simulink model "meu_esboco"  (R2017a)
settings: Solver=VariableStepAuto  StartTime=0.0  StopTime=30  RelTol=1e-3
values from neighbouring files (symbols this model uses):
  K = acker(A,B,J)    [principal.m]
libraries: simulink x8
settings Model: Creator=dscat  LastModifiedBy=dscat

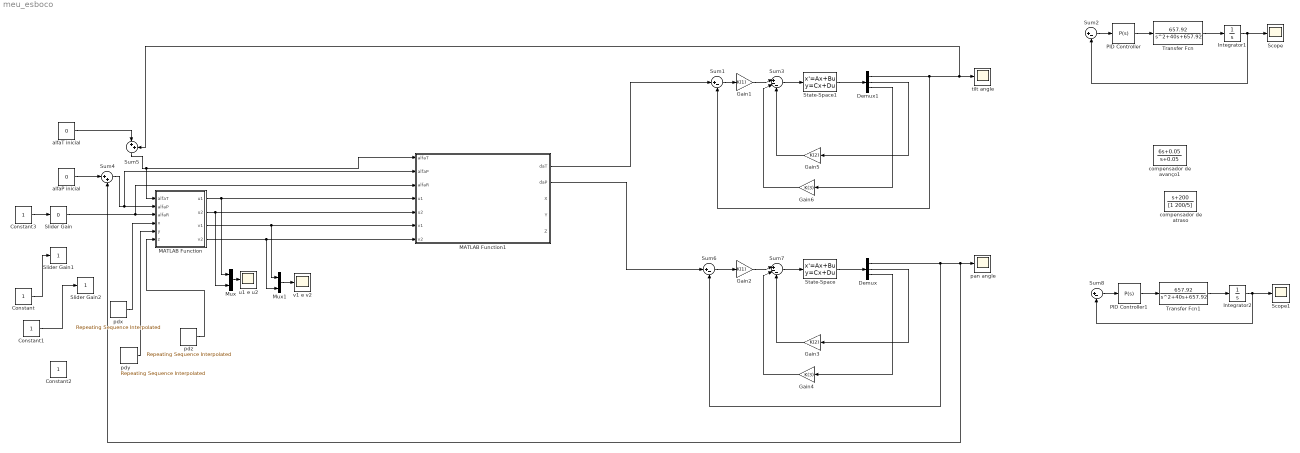
== system meu_esboco ==
  Constant{,1..3} (4 alike) : Constant
  Demux : Demux  Outputs=3
  Demux1 : Demux  Outputs=3
  Gain1 : Gain  Gain=K(1)
  Gain2 : Gain  Gain=K(1)
  Gain3 : Gain  Gain=K(2)
  Gain4 : Gain  Gain=K(3)
  Gain5 : Gain  Gain=K(2)
  Gain6 : Gain  Gain=K(3)
  Integrator1 : Integrator
  Integrator2 : Integrator
  MATLAB Function : MATLAB Function  TreatAsAtomicUnit=on
  MATLAB Function1 : MATLAB Function  TreatAsAtomicUnit=on
  Mux : Mux  Inputs=2
  Mux1 : Mux  Inputs=2
  PID Controller : simulink/Continuous/PID Controller  Controller=P  TimeDomain=Continuous-time  SampleTime=-1  IntegratorMethod=Forward Euler  FilterMethod=Forward Euler  Form=Parallel  UseFilter=on  ControllerParametersSource=internal  P=6.5  I=4.329  D=1.846  N=3518  InitialConditionSource=internal  InitialConditionForIntegrator=0  InitialConditionForFilter=0  ExternalReset=none  LimitOutput=off  UpperSaturationLimit=inf  LowerSaturationLimit=-inf  LinearizeAsGain=on  AntiWindupMode=none  Kb=1  TrackingMode=off  Kt=1  PParamMin=[]  PParamMax=[]  IParamMin=[]  IParamMax=[]  DParamMin=[]  DParamMax=[]  NParamMin=[]  NParamMax=[]  KbParamMin=[]  KbParamMax=[]  KtParamMin=[]  KtParamMax=[]  POutMin=[]  POutMax=[]  IOutMin=[]  IOutMax=[]  DOutMin=[]  DOutMax=[]  NOutMin=[]  NOutMax=[]  KbOutMin=[]  KbOutMax=[]  KtOutMin=[]  KtOutMax=[]  IntegratorOutMin=[]  IntegratorOutMax=[]  FilterOutMin=[]  FilterOutMax=[]  SumOutMin=[]  SumOutMax=[]  SumI1OutMin=[]  SumI1OutMax=[]  SumI2OutMin=[]  SumI2OutMax=[]  SumI3OutMin=[]  SumI3OutMax=[]  SumDOutMin=[]  SumDOutMax=[]  SaturationOutMin=[]  SaturationOutMax=[]  IntegratorContinuousStateAttributes=''  IntegratorStateMustResolveToSignalObject=off  IntegratorRTWStateStorageClass=Auto  FilterContinuousStateAttributes=''  FilterStateMustResolveToSignalObject=off  FilterRTWStateStorageClass=Auto  DifferentiatorICPrevScaledInput=0  DifferentiatorOutMin=[]  DifferentiatorOutMax=[]  InitialConditionSetting=State (most efficient)
  PID Controller1 : simulink/Continuous/PID Controller  Controller=P  TimeDomain=Continuous-time  SampleTime=-1  IntegratorMethod=Forward Euler  FilterMethod=Forward Euler  Form=Parallel  UseFilter=on  ControllerParametersSource=internal  P=6.5  I=4.329  D=1.846  N=3518  InitialConditionSource=internal  InitialConditionForIntegrator=0  InitialConditionForFilter=0  ExternalReset=none  LimitOutput=off  UpperSaturationLimit=inf  LowerSaturationLimit=-inf  LinearizeAsGain=on  AntiWindupMode=none  Kb=1  TrackingMode=off  Kt=1  PParamMin=[]  PParamMax=[]  IParamMin=[]  IParamMax=[]  DParamMin=[]  DParamMax=[]  NParamMin=[]  NParamMax=[]  KbParamMin=[]  KbParamMax=[]  KtParamMin=[]  KtParamMax=[]  POutMin=[]  POutMax=[]  IOutMin=[]  IOutMax=[]  DOutMin=[]  DOutMax=[]  NOutMin=[]  NOutMax=[]  KbOutMin=[]  KbOutMax=[]  KtOutMin=[]  KtOutMax=[]  IntegratorOutMin=[]  IntegratorOutMax=[]  FilterOutMin=[]  FilterOutMax=[]  SumOutMin=[]  SumOutMax=[]  SumI1OutMin=[]  SumI1OutMax=[]  SumI2OutMin=[]  SumI2OutMax=[]  SumI3OutMin=[]  SumI3OutMax=[]  SumDOutMin=[]  SumDOutMax=[]  SaturationOutMin=[]  SaturationOutMax=[]  IntegratorContinuousStateAttributes=''  IntegratorStateMustResolveToSignalObject=off  IntegratorRTWStateStorageClass=Auto  FilterContinuousStateAttributes=''  FilterStateMustResolveToSignalObject=off  FilterRTWStateStorageClass=Auto  DifferentiatorICPrevScaledInput=0  DifferentiatorOutMin=[]  DifferentiatorOutMax=[]  InitialConditionSetting=State (most efficient)
  Scope : Scope
  Scope1 : Scope
  Slider Gain : simulink/Math Operations/Slider Gain  gain=0  low=-3.14  high=3.14
  Slider Gain1 : simulink/Math Operations/Slider Gain  gain=1  low=-5  high=5
  Slider Gain2 : simulink/Math Operations/Slider Gain  gain=1  low=-5  high=5
  State-Space : StateSpace  A=[0 657.92 0; 0 0 1; 0 -657.92 -40]  B=[0; 0; 1]  C=[1 0 0; 0 1 0; 0 0 1]  D=[0; 0; 0]  X0=0
  State-Space1 : StateSpace  A=[0 657.92 0; 0 0 1; 0 -657.92 -40]  B=[0; 0; 1]  C=[1 0 0; 0 1 0; 0 0 1]  D=[0; 0; 0]  X0=0
  Sum{1..2,6,8} (4 alike) : Sum  Inputs=|+-
  Sum3 : Sum  Inputs=|+--
  Sum4 : Sum  Inputs=|++
  Sum5 : Sum  Inputs=|++
  Sum7 : Sum  Inputs=|+--
  Transfer Fcn : TransferFcn  Numerator=[657.92]  Denominator=[1 40 657.92]
  Transfer Fcn1 : TransferFcn  Numerator=[657.92]  Denominator=[1 40 657.92]
  alfaP inicial : Constant  Value=0
  alfaT inicial : Constant  Value=0
  compensador de atraso : TransferFcn  Numerator=[1 200]  Denominator=[1 200/5]
  compensador de avanço1 : TransferFcn  Numerator=[6 0.05]  Denominator=[1 0.05]
  pan angle : Scope
  pdx : simulink/Sources/Repeating Sequence Interpolated  OutValues=pdx  TimeValues=t  LookUpMeth=Interpolation-Use End Values  tsamp=0.01  OutMin=[]  OutMax=[]  OutDataTypeStr=double  OutputDataTypeScalingMode=double  OutDataType=fixdt(0,8)  OutScaling=2^-10
  pdy : simulink/Sources/Repeating Sequence Interpolated  OutValues=pdy  TimeValues=t  LookUpMeth=Interpolation-Use End Values  tsamp=0.01  OutMin=[]  OutMax=[]  OutDataTypeStr=double  OutputDataTypeScalingMode=double  OutDataType=fixdt(0,8)  OutScaling=2^-10
  pdz : simulink/Sources/Repeating Sequence Interpolated  OutValues=pdz  TimeValues=t  LookUpMeth=Interpolation-Use End Values  tsamp=0.01  OutMin=[]  OutMax=[]  OutDataTypeStr=double  OutputDataTypeScalingMode=double  OutDataType=fixdt(0,8)  OutScaling=2^-10
  tilt angle : Scope
  u1 e u2 : Scope
  v1 e v2 : Scope
  wires:
  MATLAB Function/1(u1) -> MATLAB Function1/4(u1), Mux/1
  MATLAB Function/2(u2) -> MATLAB Function1/5(u2), Mux/2
  Sum5/1 -> MATLAB Function1/1(alfaT), MATLAB Function/1(alfaT)
  Sum4/1 -> MATLAB Function1/2(alfaP), MATLAB Function/2(alfaP)
  Slider Gain/1 -> MATLAB Function1/3(alfaR), MATLAB Function/3(alfaR)
  Constant/1 -> Slider Gain1/1
  Constant1/1 -> Slider Gain2/1
  alfaP inicial/1 -> Sum4/1
  alfaT inicial/1 -> Sum5/1
  Mux/1 -> u1 e u2/1
  Mux1/1 -> v1 e v2/1
  MATLAB Function/3(v1) -> Mux1/1, MATLAB Function1/6(v1)
  MATLAB Function/4(v2) -> Mux1/2, MATLAB Function1/7(v2)
  Demux/3 -> Gain4/1
  State-Space/1 -> Demux/1
  Demux/2 -> Gain3/1
  Gain4/1 -> Sum7/2
  Sum7/1 -> State-Space/1
  Demux/1 -> Sum6/2, Sum4/2, pan angle/1
  Gain3/1 -> Sum7/3
  Gain2/1 -> Sum7/1
  Gain1/1 -> Sum3/1
  Sum3/1 -> State-Space1/1
  Gain6/1 -> Sum3/2
  State-Space1/1 -> Demux1/1
  Gain5/1 -> Sum3/3
  Demux1/2 -> Gain5/1
  Demux1/3 -> Gain6/1
  Demux1/1 -> Sum1/2, Sum5/2, tilt angle/1
  Constant3/1 -> Slider Gain/1
  Sum1/1 -> Gain1/1
  Sum6/1 -> Gain2/1
  pdx/1 -> MATLAB Function/4(x)
  pdy/1 -> MATLAB Function/5(y)
  pdz/1 -> MATLAB Function/6(z)
  Transfer Fcn/1 -> Integrator1/1
  Integrator1/1 -> Sum2/2, Scope/1
  PID Controller/1 -> Transfer Fcn/1
  Sum2/1 -> PID Controller/1
  PID Controller1/1 -> Transfer Fcn1/1
  Sum8/1 -> PID Controller1/1
  Transfer Fcn1/1 -> Integrator2/1
  Integrator2/1 -> Sum8/2, Scope1/1
  MATLAB Function1/1(daT) -> Sum1/1
  MATLAB Function1/2(daP) -> Sum6/1

== matlab function meu_esboco/MATLAB Function1 ==
  data: alfaT input; daT output; alfaP input; alfaR input; u1 input; u2 input; v1 input; v2 input; daP output; X output; Y output; Z output
function [daT, daP, X,Y,Z  ] = image2real( alfaT,alfaP,alfaR, u1,u2,v1,v2)
% daT -> Delta Alfa Tilt
% daP -> Delta Alfa Pan
% AlfaR -> Lido dos encoders


l = 0.15; %Tamanho do alvo (m) 
f = 664;

X = (l*(f*cos(alfaP-alfaR) - u2*sin(alfaP-alfaR))*(- cos(alfaP-alfaR)*sin(alfaP-alfaR)*f^2 + (u1 - cos(alfaP-alfaR)^2*(u1 + u2))*f + u1*u2*cos(alfaP-alfaR)*sin(alfaP-alfaR)))/(f*(u2*cos(alfaP-alfaR) + f*sin(alfaP-alfaR))*(u1 - u2));

%  X = (l*(f*cos(alfaT) - v2*sin(alfaT))*(- cos(alfaT)*sin(alfaT)*f^2 + (v1 - cos(alfaT)^2*(v1 + v2))*f + v1*v2*cos(alfaT)*sin(alfaT)))/(f*(f*sin(alfaT) + v2*cos(alfaT))*(v1 - v2));

Y = -(l*(2*cos(alfaP-alfaR)*sin(alfaP-alfaR)*f^2 + (u1 + u2)*(2*cos(alfaP-alfaR)^2 - 1)*f - 2*u1*u2*cos(alfaP-alfaR)*sin(alfaP-alfaR)))/(2*f*(u1 - u2));

Z  = -(l*(2*cos(alfaT)*sin(alfaT)*f^2 + (v1 + v2)*(2*cos(alfaT)^2 - 1)*f - 2*v1*v2*cos(alfaT)*sin(alfaT)))/(2*f*(v1 - v2));
 
daP = double(atan(Y/X)-alfaR);
daT = double(atan(Z/(sqrt((X)^2+(Y)^2))));


end

== matlab function meu_esboco/MATLAB Function ==
  data: alfaT input; u1 output; alfaP input; alfaR input; x input; y input; z input; u2 output; v1 output; v2 output
function [u1, u2, v1, v2] = real2image(alfaT,alfaP,alfaR,x,y,z)
L = 0.15;
f = 664;
u1 = f*(-sin(alfaP-alfaR)*(-x)+cos(alfaP-alfaR)*((L/2)-y))/((cos(alfaP-alfaR)*(-x)+sin(alfaP-alfaR)*((L/2)-y)));
u2 = f*(-sin(alfaP-alfaR)*(-x)+cos(alfaP-alfaR)*((-L/2)-y))/((cos(alfaP-alfaR)*(-x)+sin(alfaP-alfaR)*((-L/2)-y)));
v1 = f*(-sin(alfaT)*(-x)+cos(alfaT)*((L/2)-z))/((cos(alfaT)*(-x)+sin(alfaT)*((L/2)-z)));
v2 = f*(-sin(alfaT)*(-x)+cos(alfaT)*((-L/2)-z))/((cos(alfaT)*(-x)+sin(alfaT)*((-L/2)-z)));

end

→ **Problem to work on**
Everything from the line containing "data: alfaT input; u1" through the final line of the entries is to be written out exactly. No other lines belong in the answer.

→ **Answer for the task**
  data: alfaT input; u1 output; alfaP input; alfaR input; x input; y input; z input; u2 output; v1 output; v2 output
function [u1, u2, v1, v2] = real2image(alfaT,alfaP,alfaR,x,y,z)
L = 0.15;
f = 664;
u1 = f*(-sin(alfaP-alfaR)*(-x)+cos(alfaP-alfaR)*((L/2)-y))/((cos(alfaP-alfaR)*(-x)+sin(alfaP-alfaR)*((L/2)-y)));
u2 = f*(-sin(alfaP-alfaR)*(-x)+cos(alfaP-alfaR)*((-L/2)-y))/((cos(alfaP-alfaR)*(-x)+sin(alfaP-alfaR)*((-L/2)-y)));
v1 = f*(-sin(alfaT)*(-x)+cos(alfaT)*((L/2)-z))/((cos(alfaT)*(-x)+sin(alfaT)*((L/2)-z)));
v2 = f*(-sin(alfaT)*(-x)+cos(alfaT)*((-L/2)-z))/((cos(alfaT)*(-x)+sin(alfaT)*((-L/2)-z)));

end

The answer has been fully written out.